Please remain silent!Stay on your seats!

“THAT STUDENTS ARE TALKING OR MOVING DO NOT MEAN THAT THEY DON’T LIKE YOUR CLASS OR THEY ARE LOOKING FOR TROUBLE. FOR SOME OF US, THIS IS HOW WE ARE AND HOW WE LEARN”

Classroom management is one of the biggest concerns for teachers around the globe. How can teachers manage a class with so many different learning styles? Well, the main concern for teachers is how to differentiate in a class with students who cannot be sitting or those who cannot stop talking. In spite of old teaching practices, nowadays we need students who are capable of learning by moving around. We need students who can talk, even when talking means to explain to other students or to present the lesson to peers. The challenge is that with some subjects is more difficult to plan activities like this. However, there are several strategies that we can start implementing in order to make our classes more likable.

According to the institute4learning, if you’re teaching or learning about the law of supply and demand in economics, you might read about it (linguistic), study mathematical formulas that express it (logical-mathematical), examine a graphic chart that illustrates the principle (spatial), observe the law in the natural world (naturalist) or in the human world of commerce (interpersonal); examine the law in terms of your own body [e.g. when you supply your body with lots of food, the hunger demand goes down; when there’s very little supply, your stomach’s demand for food goes way up and you get hungry] (bodily-kinesthetic and intrapersonal); and/or write a song (or find an existing song) that demonstrates the law (perhaps Dylan’s “Too Much of Nothing?”).

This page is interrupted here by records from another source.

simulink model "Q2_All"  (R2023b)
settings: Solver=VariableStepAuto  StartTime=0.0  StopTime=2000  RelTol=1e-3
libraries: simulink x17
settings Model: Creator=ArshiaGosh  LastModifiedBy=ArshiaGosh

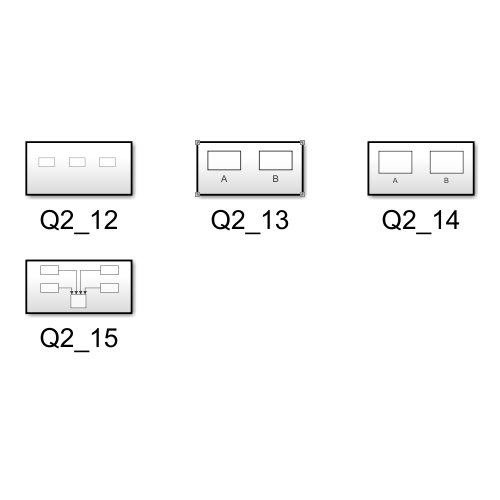
[thumbnail: Simulink's stored preview of the top-level diagram]
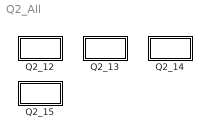
== system Q2_All ==
  Q2_12 : Subsystem
  Q2_13 : Subsystem
  Q2_14 : Subsystem
  Q2_15 : Subsystem

== system Q2_All/Q2_12 ==
  a) Step @ t=50 : Subsystem
  "b) Square Wave, T=100" : Subsystem
  c) Step @ t=50 a = -0.8 - 0.1sin(0.1t) b = 0.5 + ... : Subsystem

== system Q2_All/Q2_13 ==
  A : Subsystem
  B : Subsystem

== system Q2_All/Q2_14 ==
  A : Subsystem
  B : Subsystem

== system Q2_All/Q2_15 ==
  Scope : Scope  NumInputPorts=4
  landa=0.95 : Subsystem
  landa=0.99 : Subsystem
  landa=0.999 : Subsystem
  landa=1 : Subsystem
  wires:
  landa=1/1(thetak) -> Scope/1
  landa=0.99/1(thetak) -> Scope/3
  landa=0.999/1(thetak) -> Scope/2
  landa=0.95/1(thetak) -> Scope/4

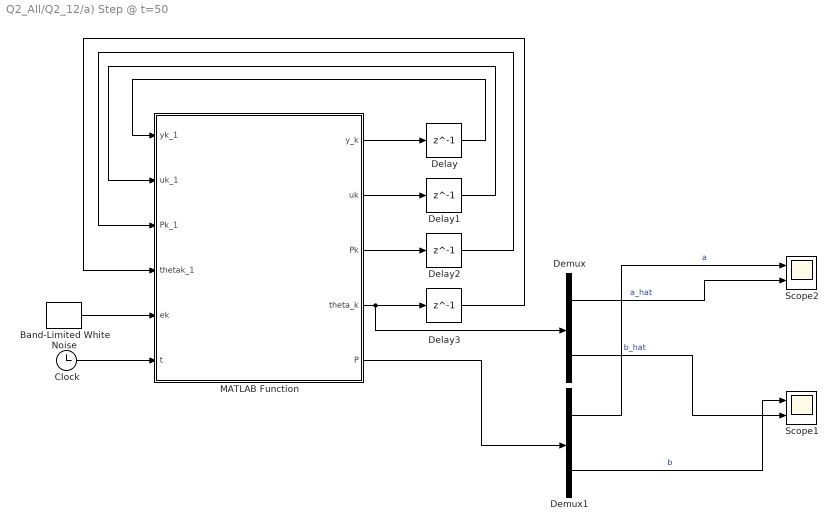
== system Q2_All/Q2_12/a) Step @ t=50 ==
  Band-Limited White Noise : simulink/Sources/Band-Limited White Noise  Cov=[0.5]  Ts=0.01  seed=[23341]
  Clock : Clock
  Delay : Delay  DelayLength=1  SampleTime=0.01
  Delay1 : Delay  DelayLength=1  SampleTime=0.01
  Delay2 : Delay  DelayLength=1  InitialCondition=100*eye(2,2)  SampleTime=0.01
  Delay3 : Delay  DelayLength=1  InitialCondition=[0;0]  SampleTime=0.01
  Demux : Demux  Outputs=2
  Demux1 : Demux  Outputs=2
  MATLAB Function : MATLAB Function  TreatAsAtomicUnit=on
  Scope1 : Scope  NumInputPorts=2
  Scope2 : Scope  NumInputPorts=2
  wires:
  Demux1/1 -> Scope2/1  "a"
  MATLAB Function/1(y_k) -> Delay/1
  MATLAB Function/5(P) -> Demux1/1
  Delay2/1 -> MATLAB Function/3(Pk_1)
  Clock/1 -> MATLAB Function/6(t)
  Demux/1 -> Scope2/2  "a_hat"
  Demux/2 -> Scope1/2  "b_hat"
  Delay3/1 -> MATLAB Function/4(thetak_1)
  MATLAB Function/4(theta_k) -> Demux/1, Delay3/1
  Band-Limited White Noise/1 -> MATLAB Function/5(ek)
  Delay/1 -> MATLAB Function/1(yk_1)
  MATLAB Function/3(Pk) -> Delay2/1
  MATLAB Function/2(uk) -> Delay1/1
  Delay1/1 -> MATLAB Function/2(uk_1)
  Demux1/2 -> Scope1/1  "b"

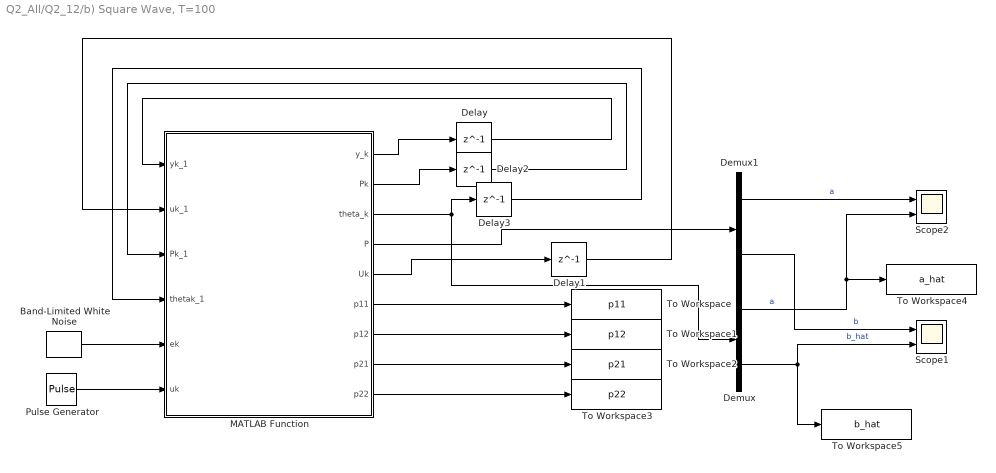
== system Q2_All/Q2_12/b) Square Wave, T=100 ==
  Band-Limited White Noise : simulink/Sources/Band-Limited White Noise  Cov=[0.5]  Ts=0.01  seed=[23341]
  Delay : Delay  DelayLength=1  SampleTime=0.01
  Delay1 : Delay  DelayLength=1  SampleTime=0.01
  Delay2 : Delay  DelayLength=1  InitialCondition=100*eye(2,2)  SampleTime=0.01
  Delay3 : Delay  DelayLength=1  InitialCondition=[0;0]  SampleTime=0.01
  Demux : Demux  Outputs=2
  Demux1 : Demux  Outputs=2
  MATLAB Function : MATLAB Function  TreatAsAtomicUnit=on
  Pulse Generator : DiscretePulseGenerator  PulseType=Time based  Period=100  PulseWidth=50
  Scope1 : Scope  NumInputPorts=2
  Scope2 : Scope  NumInputPorts=2
  To Workspace : ToWorkspace  VariableName=p11  SaveFormat=Timeseries  SampleTime=0.01
  To Workspace1 : ToWorkspace  VariableName=p12  SaveFormat=Timeseries  SampleTime=0.01
  To Workspace2 : ToWorkspace  VariableName=p21  SaveFormat=Timeseries  SampleTime=0.01
  To Workspace3 : ToWorkspace  VariableName=p22  SaveFormat=Timeseries  SampleTime=0.01
  To Workspace4 : ToWorkspace  VariableName=a_hat  SaveFormat=Timeseries  SampleTime=0.01
  To Workspace5 : ToWorkspace  VariableName=b_hat  SaveFormat=Timeseries  SampleTime=0.01
  wires:
  Demux1/2 -> Scope1/1  "b"
  Delay1/1 -> MATLAB Function/2(uk_1)
  MATLAB Function/2(Pk) -> Delay2/1
  Delay/1 -> MATLAB Function/1(yk_1)
  Band-Limited White Noise/1 -> MATLAB Function/5(ek)
  MATLAB Function/3(theta_k) -> Delay3/1, Demux/1
  Delay3/1 -> MATLAB Function/4(thetak_1)
  Demux/2 -> Scope1/2, To Workspace5/1  "b_hat"
  Delay2/1 -> MATLAB Function/3(Pk_1)
  MATLAB Function/4(P) -> Demux1/1
  MATLAB Function/1(y_k) -> Delay/1
  Demux1/1 -> Scope2/1  "a"
  Pulse Generator/1 -> MATLAB Function/6(uk)
  MATLAB Function/5(Uk) -> Delay1/1
  MATLAB Function/6(p11) -> To Workspace/1
  MATLAB Function/7(p12) -> To Workspace1/1
  MATLAB Function/8(p21) -> To Workspace2/1
  MATLAB Function/9(p22) -> To Workspace3/1
  Demux/1 -> To Workspace4/1, Scope2/2  "a"

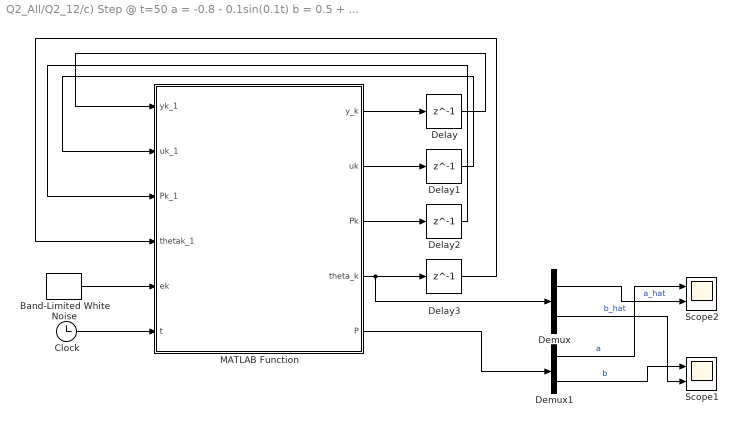
== system Q2_All/Q2_12/c) Step @ t=50 a = -0.8 - 0.1sin(0.1t) b = 0.5 + ... ==
  Band-Limited White Noise : simulink/Sources/Band-Limited White Noise  Cov=[0.5]  Ts=0.01  seed=[23341]
  Clock : Clock
  Delay : Delay  DelayLength=1  SampleTime=0.01
  Delay1 : Delay  DelayLength=1  SampleTime=0.01
  Delay2 : Delay  DelayLength=1  InitialCondition=100*eye(2,2)  SampleTime=0.01
  Delay3 : Delay  DelayLength=1  InitialCondition=[0;0]  SampleTime=0.01
  Demux : Demux  Outputs=2
  Demux1 : Demux  Outputs=2
  MATLAB Function : MATLAB Function  TreatAsAtomicUnit=on
  Scope1 : Scope  NumInputPorts=2
  Scope2 : Scope  NumInputPorts=2
  wires:
  Demux1/1 -> Scope2/1  "a"
  MATLAB Function/1(y_k) -> Delay/1
  MATLAB Function/5(P) -> Demux1/1
  Delay2/1 -> MATLAB Function/3(Pk_1)
  Clock/1 -> MATLAB Function/6(t)
  Demux/1 -> Scope2/2  "a_hat"
  Demux/2 -> Scope1/2  "b_hat"
  Delay3/1 -> MATLAB Function/4(thetak_1)
  MATLAB Function/4(theta_k) -> Demux/1, Delay3/1
  Band-Limited White Noise/1 -> MATLAB Function/5(ek)
  Delay/1 -> MATLAB Function/1(yk_1)
  MATLAB Function/3(Pk) -> Delay2/1
  MATLAB Function/2(uk) -> Delay1/1
  Delay1/1 -> MATLAB Function/2(uk_1)
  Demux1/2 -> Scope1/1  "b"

Some tips for teachers to differentiate in a class with bodily-kinesthetic or interpersonal students:

  • When preparing the lesson, take into consideration the amount of time that students will be seating and plan some activities that would involve walking around. Some ideas could be to use Smart Boards and make students walk around comparing answers or collecting information. (All of this would depend on the subject and topic chosen to be taught). A resourceful tool is Kahoot or Quizlet. They are sites with educational platforms.
  • Allow students to walk around the classroom after a certain period of time. If block periods are more than 45-50 minutes, give them a break or allow them to stand up. There are several supplies that the Language and Learning center can provide you for students with these needs.
  • Give time for students to review the lesson and to be able to have discussions about it among peers. The more they can talk, the more they will learn.
  • It is important to create a code in order to get students to pay attention to the instructor. For example, raising your hand and waiting for the whole class to do the same while remaining quiet.